**The task:** Find the lines in the records that carry the word "schematic". Copy each one.

**Material for this task:**
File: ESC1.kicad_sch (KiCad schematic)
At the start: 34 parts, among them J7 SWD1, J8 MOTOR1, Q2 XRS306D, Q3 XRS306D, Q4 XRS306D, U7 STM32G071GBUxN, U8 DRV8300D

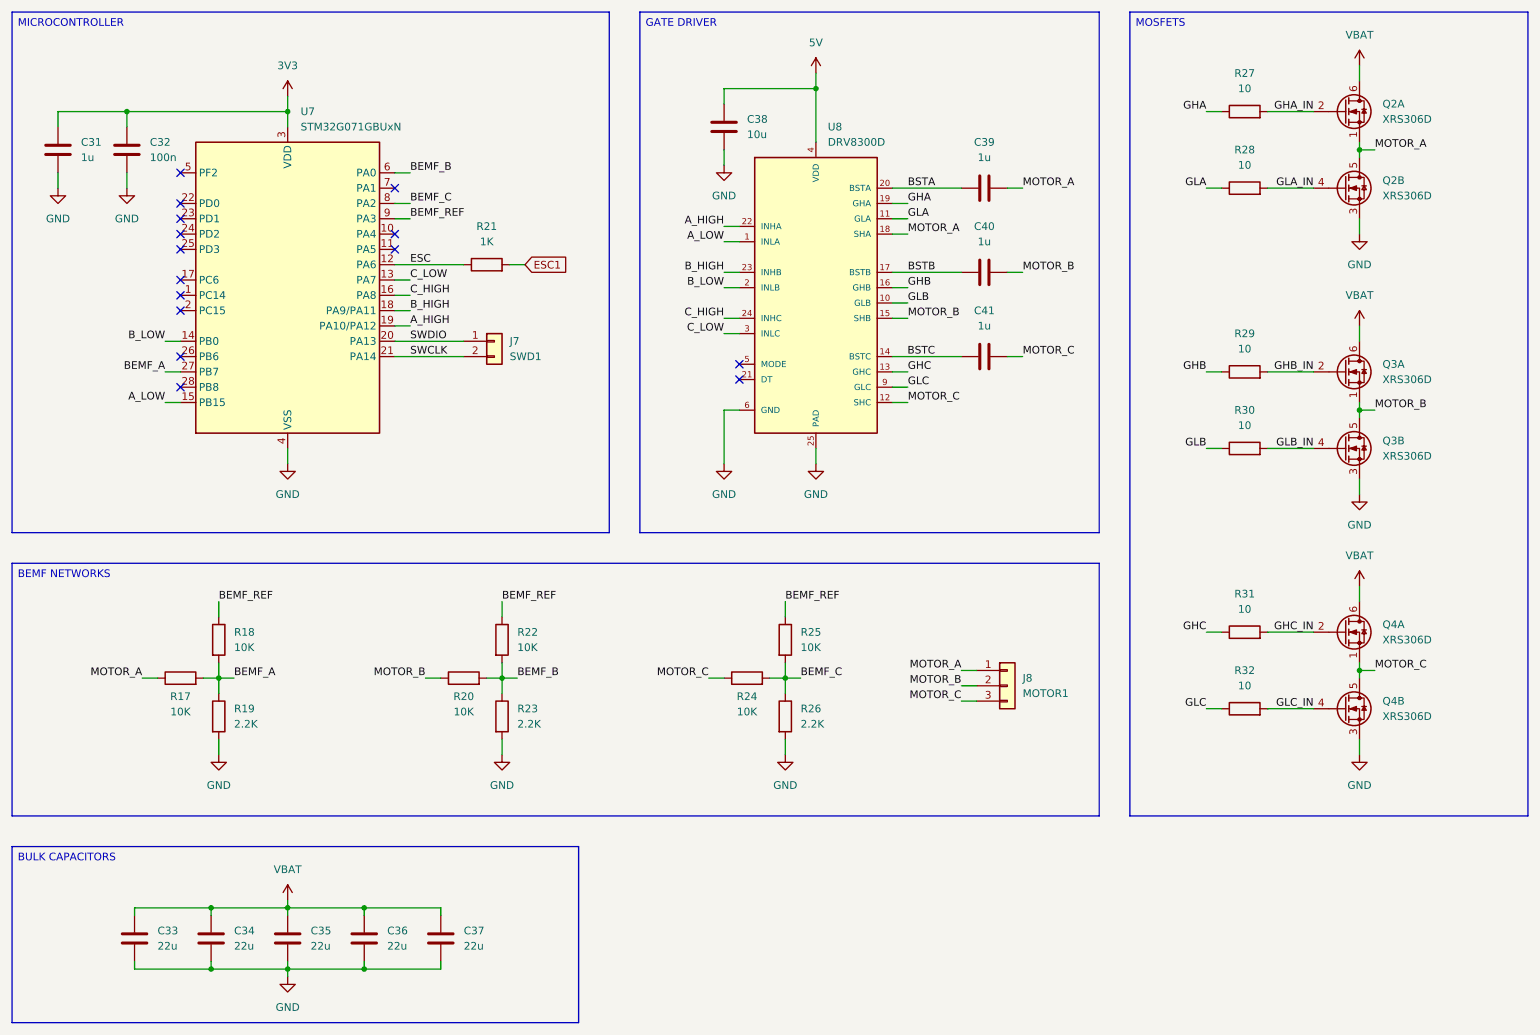
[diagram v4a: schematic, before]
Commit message: Voltage detection
Added a VBUS voltage detection for the RP.
Minor layout changes.
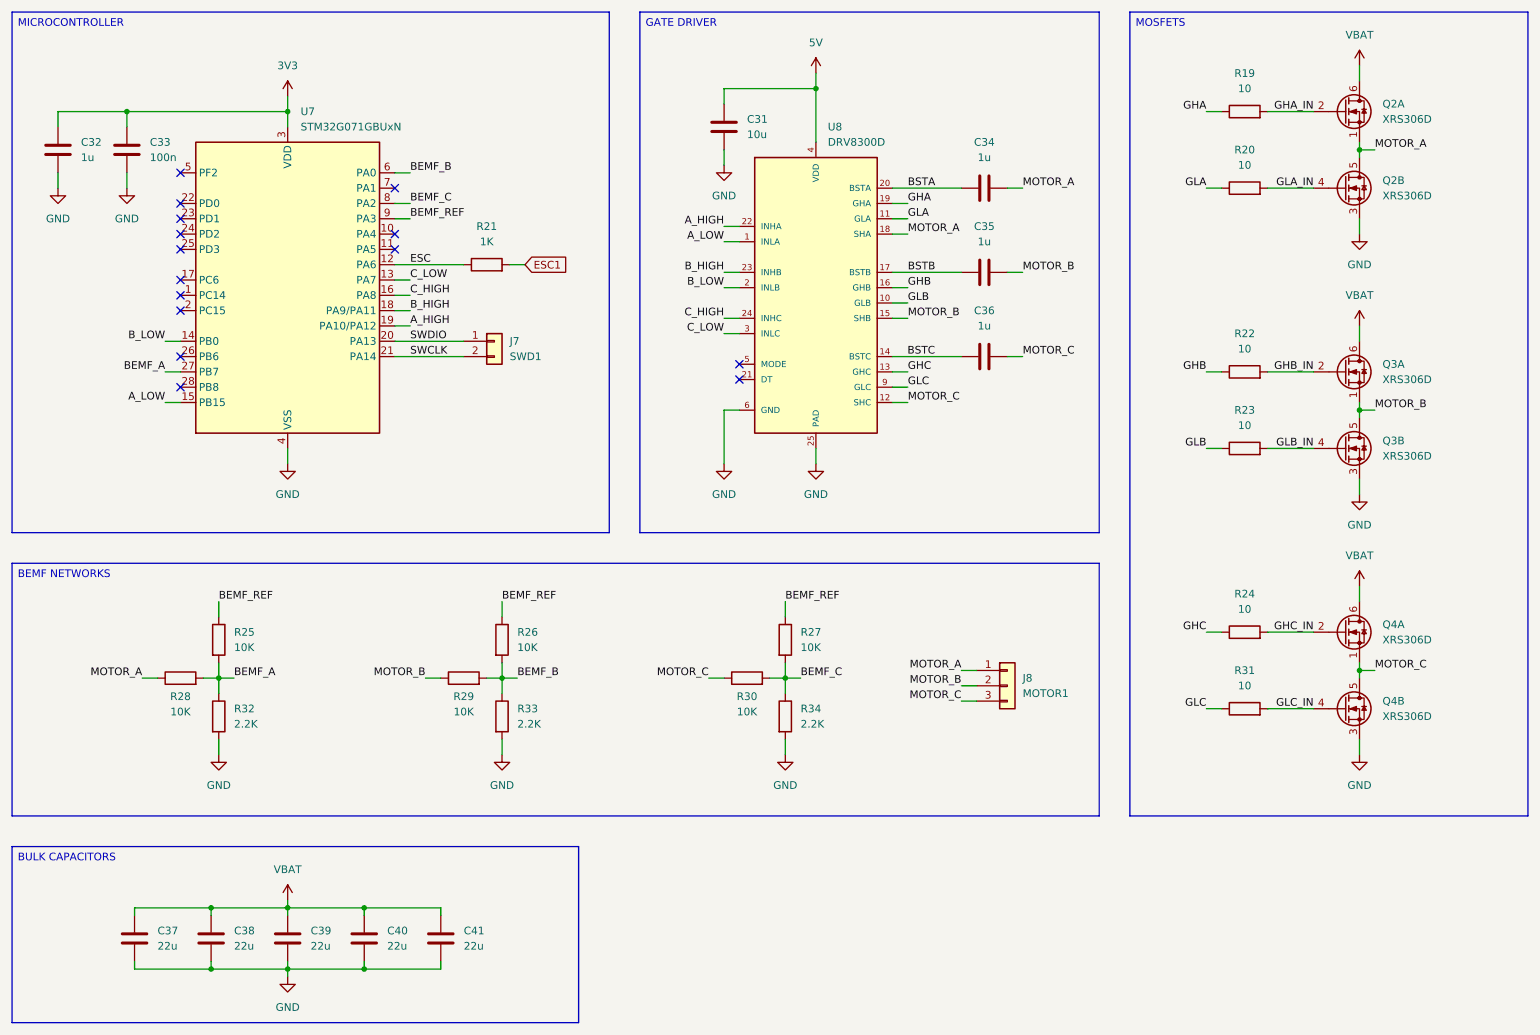
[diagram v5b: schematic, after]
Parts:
- renumbered C38 to C31, C31 to C32, C32 to C33, C39 to C34, C40 to C35, C41 to C36, C33 to C37, C34 to C38, C35 to C39, C36 to C40, C37 to C41, R27 to R19, R28 to R20, R29 to R22, R30 to R23, R31 to R24, R18 to R25, R22 to R26, R25 to R27, R17 to R28, R20 to R29, R24 to R30, R32 to R31, R19 to R32, R23 to R33, R26 to R34

**Output below:**
File: ESC1.kicad_sch (KiCad schematic)
[diagram v4a: schematic, before]
[diagram v5b: schematic, after]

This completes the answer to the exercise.